Search the entries below. Return every line that has "dimasz" in it.
_ _ _ _
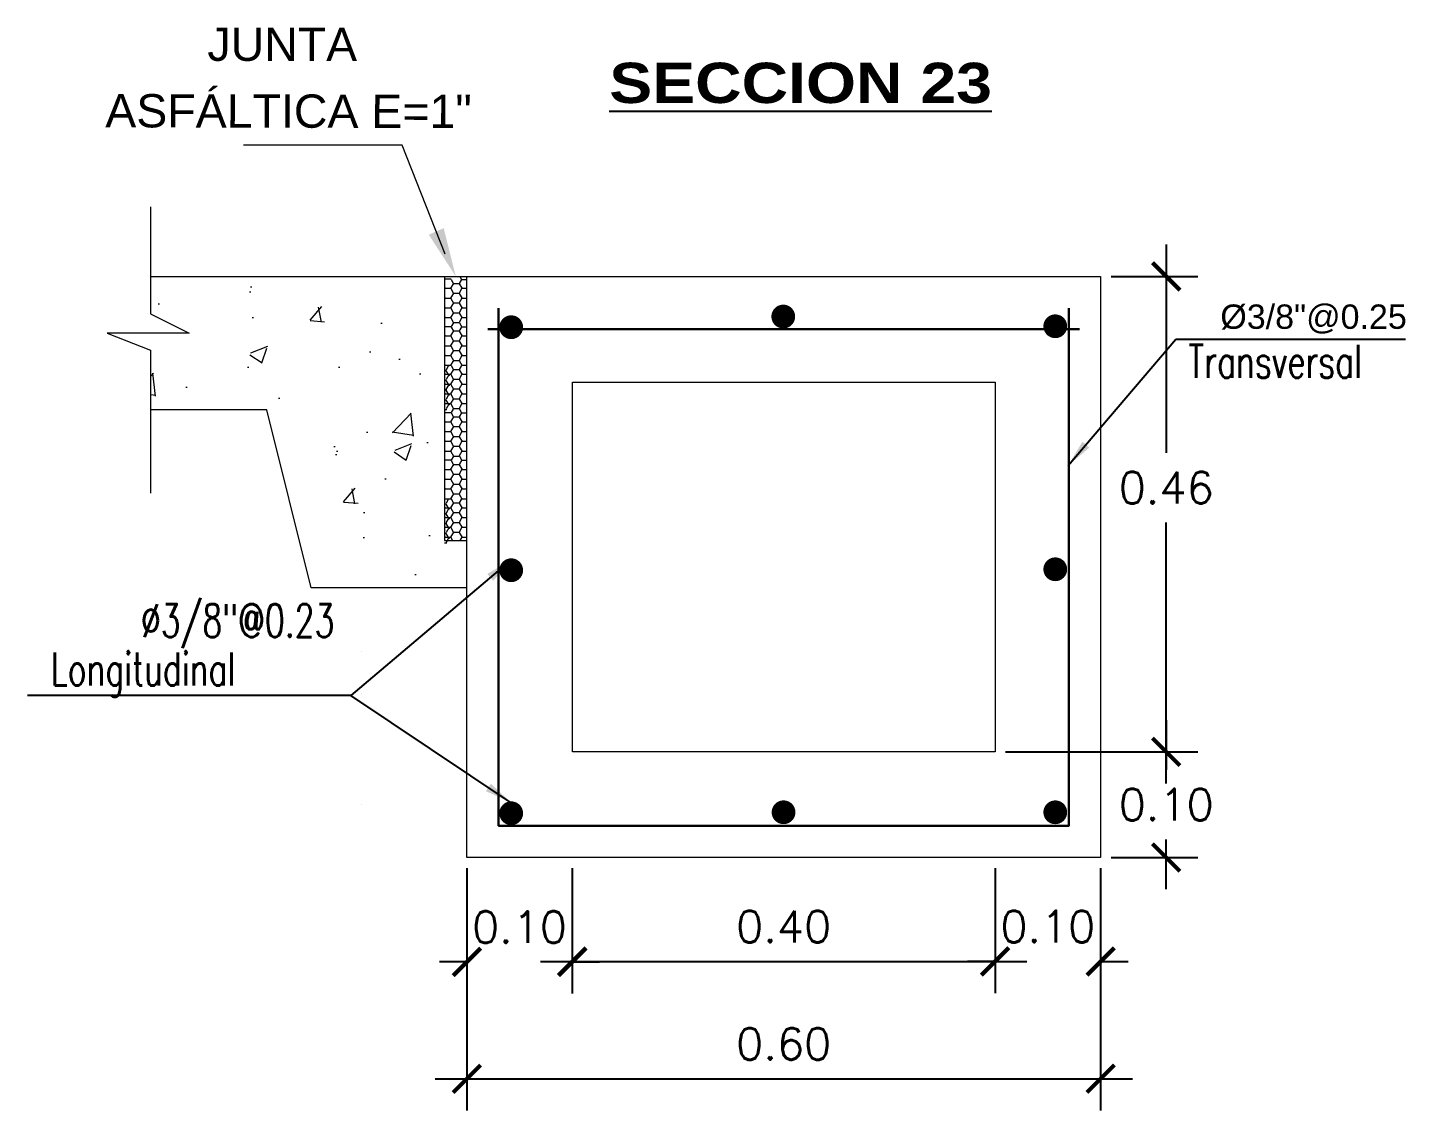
# Model space of a CAD drawing. Header units: millimetres. Extents: x 2085 to 2236, y 1365 to 1444.
# Drawn here: x 2228.003 to 2229.307, y 1434.743 to 1435.768 of the extents above; entities that cross this region are included whole.
import ezdxf

# ---------------------------------------------------------------- set-up
doc = ezdxf.new("R2010")
doc.units = ezdxf.units.MM
doc.linetypes.add('ACAD_ISO02W100', pattern=[15, 12, -3])
doc.linetypes.add('DASHED2', pattern=[0.375, 0.25, -0.125])
for name, color, linetype, lineweight in [('0.2', 32, 'ACAD_ISO02W100', 0), ('cotas', 1, 'Continuous', 15), ('linea fina 01', 189, 'Continuous', 0), ('PROYECCIONES-INT', 1, 'DASHED2', 5), ('TEXTO', 255, 'Continuous', 5)]:
    doc.layers.add(name, color=color, linetype=linetype, lineweight=lineweight)
doc.layers.add('TEX', color=3, linetype='Continuous')
doc.styles.add('COTAS', font='arial.ttf')
doc.styles.add('MtXpl_Arial_Black', font='')
doc.styles.add('ROMANS', font='romans.shx', dxfattribs={"width": 0.7})
doc.styles.add('ROMANS-DIM', font='romans.shx')
doc.styles.add('VANO', font='swissl.ttf', dxfattribs={"height": 0.2})
doc.styles.get('MtXpl_Arial_Black').set_extended_font_data('Arial Black')
doc.dimstyles.new('1-25V', dxfattribs={"dimscale": 0.2, "dimtxt": 0.18, "dimasz": 0.13, "dimexe": 0.18, "dimexo": 0.15, "dimgap": 0.1, "dimtad": 0, "dimtih": 1, "dimtoh": 1, "dimzin": 0, "dimdsep": 46, "dimtxsty": 'COTAS', "dimcen": 0.09, "dimadec": 0, "dimazin": 0, "dimtfac": 1, "dimtmove": 2, "dimatfit": 3, "dimfxl": 1, "dimtolj": 1, "dimtzin": 0, "dimarcsym": 0})
doc.dimstyles.new('20_METRIC  ARCHITECTURAL', dxfattribs={"dimscale": 0.2, "dimtxt": 0.03, "dimasz": 0.13, "dimexe": 0.15, "dimexo": 0.05, "dimgap": 0.09, "dimtad": 1, "dimtih": 1, "dimtoh": 1, "dimzin": 0, "dimdsep": 46, "dimtxsty": 'ROMANS-DIM', "dimblk": 'ARCHTICK', "dimcen": 2, "dimdle": 0.15, "dimclrd": 9, "dimclre": 9, "dimadec": 0, "dimazin": 0, "dimtfac": 1, "dimtix": 1, "dimtofl": 0, "dimtmove": 0, "dimatfit": 3, "dimfxl": 1, "dimfrac": 2, "dimtolj": 1, "dimtzin": 0, "dimarcsym": 0})

# ---------------------------------------------------------------- blocks, each defined once
blk = doc.blocks.new('_ArchTick')
at = {"color": 0, "linetype": 'ByBlock', "const_width": 0.15}
blk.add_lwpolyline([(-0.5, -0.5), (0.5, 0.5)], dxfattribs=at)
blk = doc.blocks.new('*D796')
at = {"color": 9, "lineweight": -2, "transparency": 16777216}
for p, q in [((2228.418803222299, 1434.972180030112), (2228.418803222299, 1434.742752783288)), ((2229.018803222334, 1434.972180030112), (2229.018803222334, 1434.742752783288)), ((2228.388803222299, 1434.772752783288), (2229.048803222335, 1434.772752783288))]:
    blk.add_line(p, q, dxfattribs=at)
at = {"layer": 'Defpoints', "color": 0, "transparency": 16777216}
for p in [(2228.418803222299, 1434.982180030112, 5186.962977339907), (2229.018803222334, 1434.982180030112, 5186.962977339907), (2229.018803222334, 1434.772752783288)]:
    blk.add_point(p, dxfattribs=at)
at = {"color": 9, "lineweight": -2, "transparency": 16777216, "xscale": 0.026, "yscale": 0.026, "zscale": 0.026, "rotation": 180}
blk.add_blockref('_ArchTick', (2228.418803222299, 1434.772752783288), dxfattribs=at)
at = {"color": 9, "lineweight": -2, "transparency": 16777216, "xscale": 0.026, "yscale": 0.026, "zscale": 0.026}
blk.add_blockref('_ArchTick', (2229.018803222334, 1434.772752783288), dxfattribs=at)
at = {"color": 0, "lineweight": 0, "transparency": 16777216, "insert": (2228.718803222346, 1434.805752783288), "char_height": 0.03, "attachment_point": 5, "style": 'ROMANS-DIM'}
blk.add_mtext('\\A1;0.60', dxfattribs=at)
blk = doc.blocks.new('*D797')
at = {"color": 9, "lineweight": -2, "transparency": 16777216}
for p, q in [((2229.08085973933, 1435.562180032721), (2229.08085973933, 1435.365180035329)), ((2229.028803222277, 1435.53218003272), (2229.11085973933, 1435.53218003272)), ((2229.08085973933, 1435.052179942196), (2229.08085973933, 1435.299180035329)), ((2228.9288032223, 1435.082179942196), (2229.11085973933, 1435.082179942196))]:
    blk.add_line(p, q, dxfattribs=at)
at = {"layer": 'Defpoints', "color": 0, "transparency": 16777216}
for p in [(2229.018803222277, 1435.53218003272, 5186.962977339907), (2228.9188032223, 1435.082179942196, 5186.962977339907), (2229.08085973933, 1435.082179942196)]:
    blk.add_point(p, dxfattribs=at)
at = {"color": 9, "lineweight": -2, "transparency": 16777216, "xscale": 0.026, "yscale": 0.026, "zscale": 0.026}
for p, rotation in [((2229.08085973933, 1435.53218003272), 90), ((2229.08085973933, 1435.082179942196), 270)]:
    blk.add_blockref('_ArchTick', p, dxfattribs=dict(at, rotation=rotation))
at = {"color": 0, "lineweight": 0, "transparency": 16777216, "insert": (2229.08085973933, 1435.332180035327), "char_height": 0.03, "width": 0.0914285714285714, "attachment_point": 5, "style": 'ROMANS-DIM'}
blk.add_mtext('\\A1;0.46', dxfattribs=at)
blk = doc.blocks.new('*D798')
at = {"color": 9, "lineweight": -2, "transparency": 16777216}
for p, q in [((2229.08085973933, 1435.112179942196), (2229.08085973933, 1435.065180032721)), ((2228.9288032223, 1435.082179942196), (2229.11085973933, 1435.082179942196)), ((2229.08085973933, 1434.952180031975), (2229.08085973933, 1434.999180032721)), ((2229.028803222277, 1434.982180031975), (2229.11085973933, 1434.982180031975))]:
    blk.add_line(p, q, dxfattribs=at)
_ _ _ _
_Answer to this exercise_
doc.dimstyles.new('1-25V', dxfattribs={"dimscale": 0.2, "dimtxt": 0.18, "dimasz": 0.13, "dimexe": 0.18, "dimexo": 0.15, "dimgap": 0.1, "dimtad": 0, "dimtih": 1, "dimtoh": 1, "dimzin": 0, "dimdsep": 46, "dimtxsty": 'COTAS', "dimcen": 0.09, "dimadec": 0, "dimazin": 0, "dimtfac": 1, "dimtmove": 2, "dimatfit": 3, "dimfxl": 1, "dimtolj": 1, "dimtzin": 0, "dimarcsym": 0})
doc.dimstyles.new('20_METRIC  ARCHITECTURAL', dxfattribs={"dimscale": 0.2, "dimtxt": 0.03, "dimasz": 0.13, "dimexe": 0.15, "dimexo": 0.05, "dimgap": 0.09, "dimtad": 1, "dimtih": 1, "dimtoh": 1, "dimzin": 0, "dimdsep": 46, "dimtxsty": 'ROMANS-DIM', "dimblk": 'ARCHTICK', "dimcen": 2, "dimdle": 0.15, "dimclrd": 9, "dimclre": 9, "dimadec": 0, "dimazin": 0, "dimtfac": 1, "dimtix": 1, "dimtofl": 0, "dimtmove": 0, "dimatfit": 3, "dimfxl": 1, "dimfrac": 2, "dimtolj": 1, "dimtzin": 0, "dimarcsym": 0})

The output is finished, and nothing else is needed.